What the task asks:
Search the listing below, and show each line that includes the word "picks".
------------
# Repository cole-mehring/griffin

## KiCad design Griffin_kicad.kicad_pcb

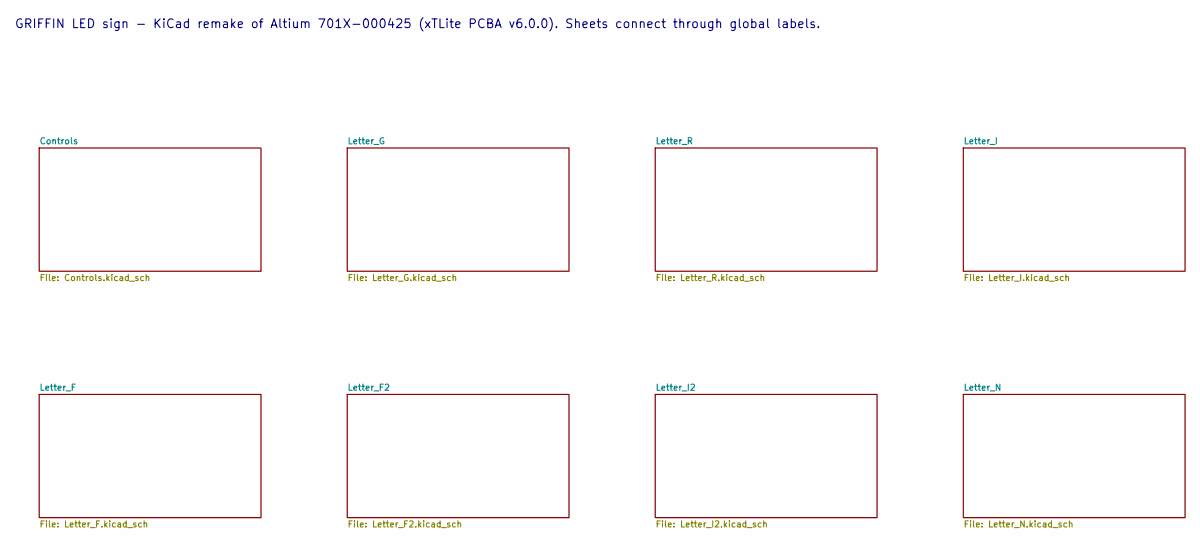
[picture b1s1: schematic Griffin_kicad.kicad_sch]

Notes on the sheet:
GRIFFIN LED sign - KiCad remake of Altium 701X-000425 (xTLite PCBA v6.0.0). Sheets connect through global labels.

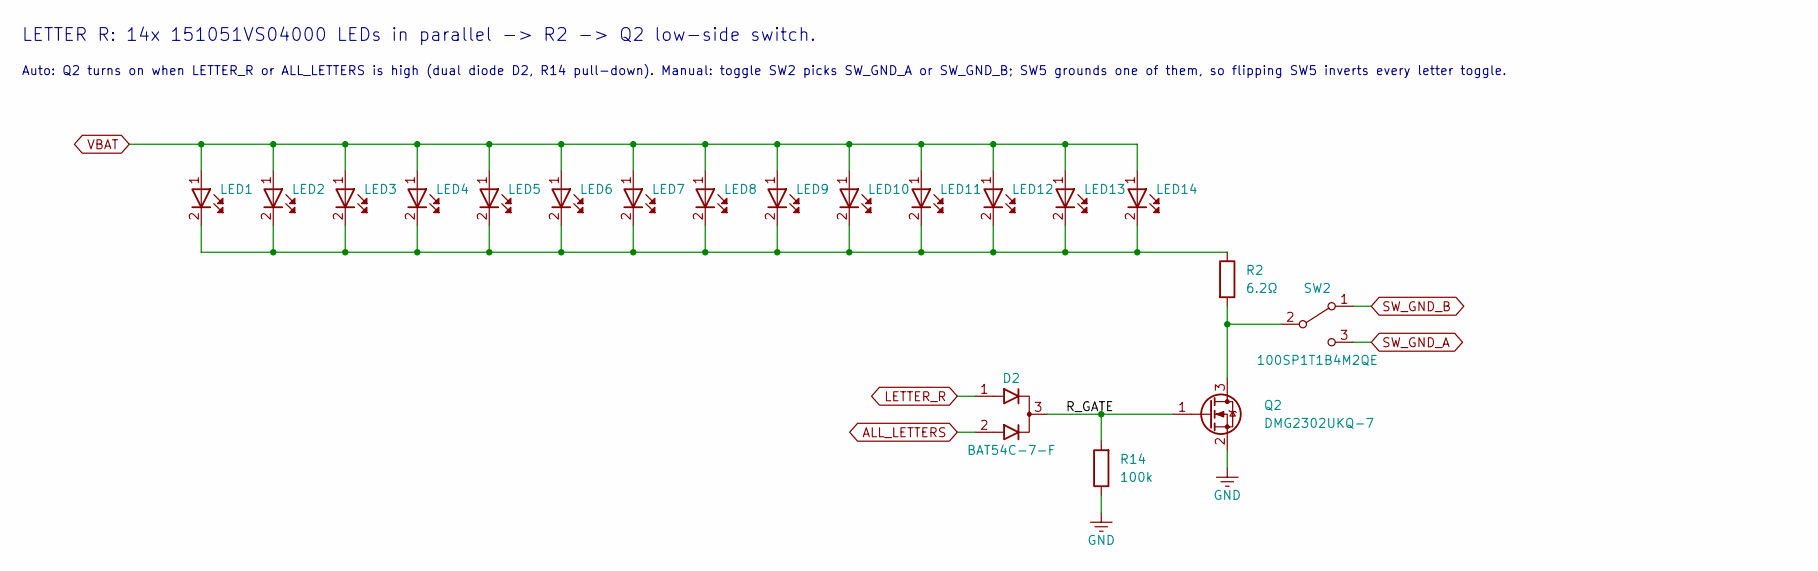
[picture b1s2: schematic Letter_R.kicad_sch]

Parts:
D2: BAT54C-7-F; SOT-23_Diodes; MPN BAT54C-7-F
LED1, LED2, LED3, LED4, LED5, LED6, LED7, LED8, LED9, LED10, LED11, LED12, LED13, LED14: 151051VS04000; LED_D5.0mm_WE-WL-TMRC_AnodePin1; MPN 151051VS04000
Q2: DMG2302UKQ-7; SOT-23_Diodes; MPN DMG2302UKQ-7
R2: 6.2Ω; R_1206_3216Metric; MPN RC1206FR-076R2L
R14: 100k; R_0805_2012Metric; MPN RC0805FR-07100KL
SW2: 100SP1T1B4M2QE; SW_Toggle_E-Switch_100SP_M2_P4.70mm; MPN 100SP1T1B4M2QE

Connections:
/Letter_R/R_GATE: D2.3 (K), Q2.1 (G), R14.2
ALL_LETTERS: D2.2 (A2); also elsewhere on the board
GND: Q2.2 (S), R14.1; also elsewhere on the board
LETTER_R: D2.1 (A1); also elsewhere on the board
unnamed: LED1.2 (K), LED2.2 (K), LED3.2 (K), LED4.2 (K), LED5.2 (K), LED6.2 (K), LED7.2 (K), LED8.2 (K), LED9.2 (K), LED10.2 (K), LED11.2 (K), LED12.2 (K), LED13.2 (K), LED14.2 (K), R2.1
unnamed: Q2.3 (D), R2.2, SW2.2 (C)
SW_GND_A: SW2.3 (B); also elsewhere on the board
SW_GND_B: SW2.1 (A); also elsewhere on the board
VBAT: LED1.1 (A), LED2.1 (A), LED3.1 (A), LED4.1 (A), LED5.1 (A), LED6.1 (A), LED7.1 (A), LED8.1 (A), LED9.1 (A), LED10.1 (A), LED11.1 (A), LED12.1 (A), LED13.1 (A), LED14.1 (A); also elsewhere on the board

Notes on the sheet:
Auto: Q2 turns on when LETTER_R or ALL_LETTERS is high (dual diode D2, R14 pull-down). Manual: toggle SW2 picks SW_GND_A or SW_GND_B; SW5 grounds one of them, so flipping SW5 inverts every letter toggle.
LETTER R: 14x 151051VS04000 LEDs in parallel -> R2 -> Q2 low-side switch.

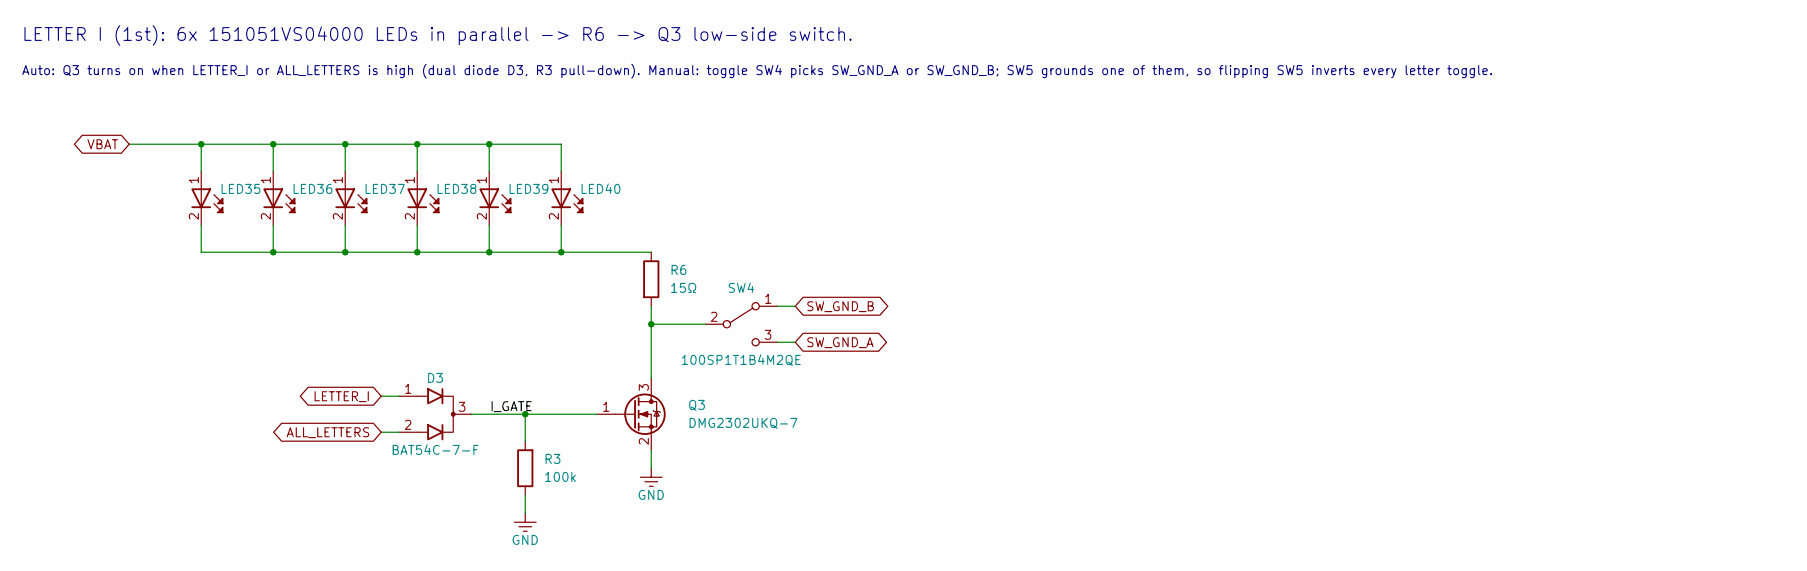
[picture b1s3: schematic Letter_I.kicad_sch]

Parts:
D3: BAT54C-7-F; SOT-23_Diodes; MPN BAT54C-7-F
LED35, LED36, LED37, LED38, LED39, LED40: 151051VS04000; LED_D5.0mm_WE-WL-TMRC_AnodePin1; MPN 151051VS04000
Q3: DMG2302UKQ-7; SOT-23_Diodes; MPN DMG2302UKQ-7
R3: 100k; R_0805_2012Metric; MPN RC0805FR-07100KL
R6: 15Ω; R_1206_3216Metric; MPN RC1206FR-0715RL
SW4: 100SP1T1B4M2QE; SW_Toggle_E-Switch_100SP_M2_P4.70mm; MPN 100SP1T1B4M2QE

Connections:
/Letter_I/I_GATE: D3.3 (K), Q3.1 (G), R3.2
ALL_LETTERS: D3.2 (A2); also elsewhere on the board
GND: Q3.2 (S), R3.1; also elsewhere on the board
LETTER_I: D3.1 (A1); also elsewhere on the board
unnamed: LED35.2 (K), LED36.2 (K), LED37.2 (K), LED38.2 (K), LED39.2 (K), LED40.2 (K), R6.1
unnamed: Q3.3 (D), R6.2, SW4.2 (C)
SW_GND_A: SW4.3 (B); also elsewhere on the board
SW_GND_B: SW4.1 (A); also elsewhere on the board
VBAT: LED35.1 (A), LED36.1 (A), LED37.1 (A), LED38.1 (A), LED39.1 (A), LED40.1 (A); also elsewhere on the board

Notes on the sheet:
Auto: Q3 turns on when LETTER_I or ALL_LETTERS is high (dual diode D3, R3 pull-down). Manual: toggle SW4 picks SW_GND_A or SW_GND_B; SW5 grounds one of them, so flipping SW5 inverts every letter toggle.
LETTER I (1st): 6x 151051VS04000 LEDs in parallel -> R6 -> Q3 low-side switch.

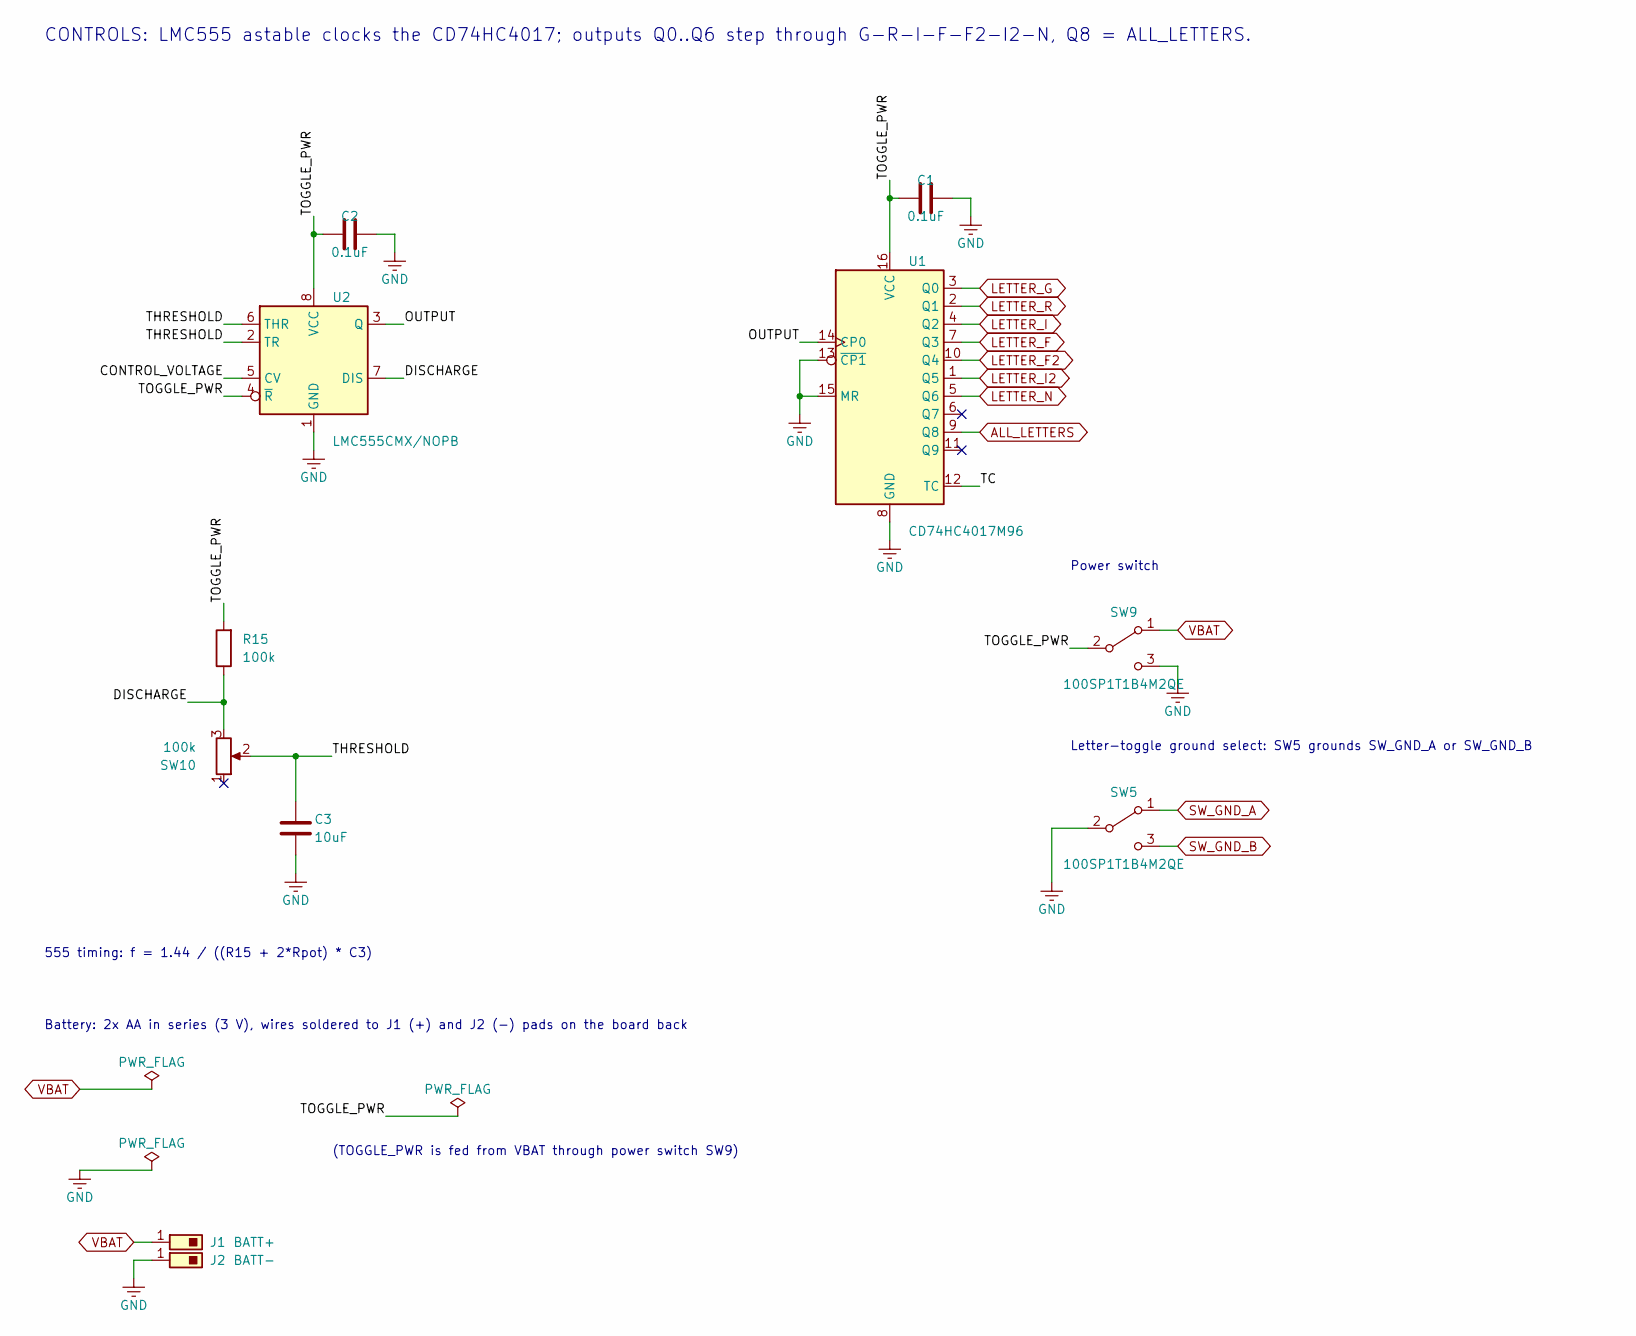
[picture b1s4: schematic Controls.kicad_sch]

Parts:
C1, C2: 0.1uF; C_0805_2012Metric; MPN CC0805KRX7R9BB104
C3: 10uF; C_0805_2012Metric; MPN GRM21BR61E106KA73L
J1: BATT+; SolderPad_1x1_8x8mm
J2: BATT-; SolderPad_1x1_8x8mm
R15: 100k; R_0805_2012Metric; MPN RC0805FR-07100KL
SW5, SW9: 100SP1T1B4M2QE; SW_Toggle_E-Switch_100SP_M2_P4.70mm; MPN 100SP1T1B4M2QE
SW10: 100k; Potentiometer_Bourns_PTV09A-4_Single_Vertical; MPN PTV09A-4025F-B104
U1: CD74HC4017M96; SOIC-16_3.9x9.9mm_P1.27mm; MPN CD74HC4017M96
U2: LMC555CMX/NOPB; SOIC-8_3.9x4.9mm_P1.27mm; MPN LMC555CMX/NOPB

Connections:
/Controls/CONTROL_VOLTAGE: U2.5 (CV)
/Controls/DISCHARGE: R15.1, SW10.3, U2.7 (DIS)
------------
Output below:
Auto: Q2 turns on when LETTER_R or ALL_LETTERS is high (dual diode D2, R14 pull-down). Manual: toggle SW2 picks SW_GND_A or SW_GND_B; SW5 grounds one of them, so flipping SW5 inverts every letter toggle.
Auto: Q3 turns on when LETTER_I or ALL_LETTERS is high (dual diode D3, R3 pull-down). Manual: toggle SW4 picks SW_GND_A or SW_GND_B; SW5 grounds one of them, so flipping SW5 inverts every letter toggle.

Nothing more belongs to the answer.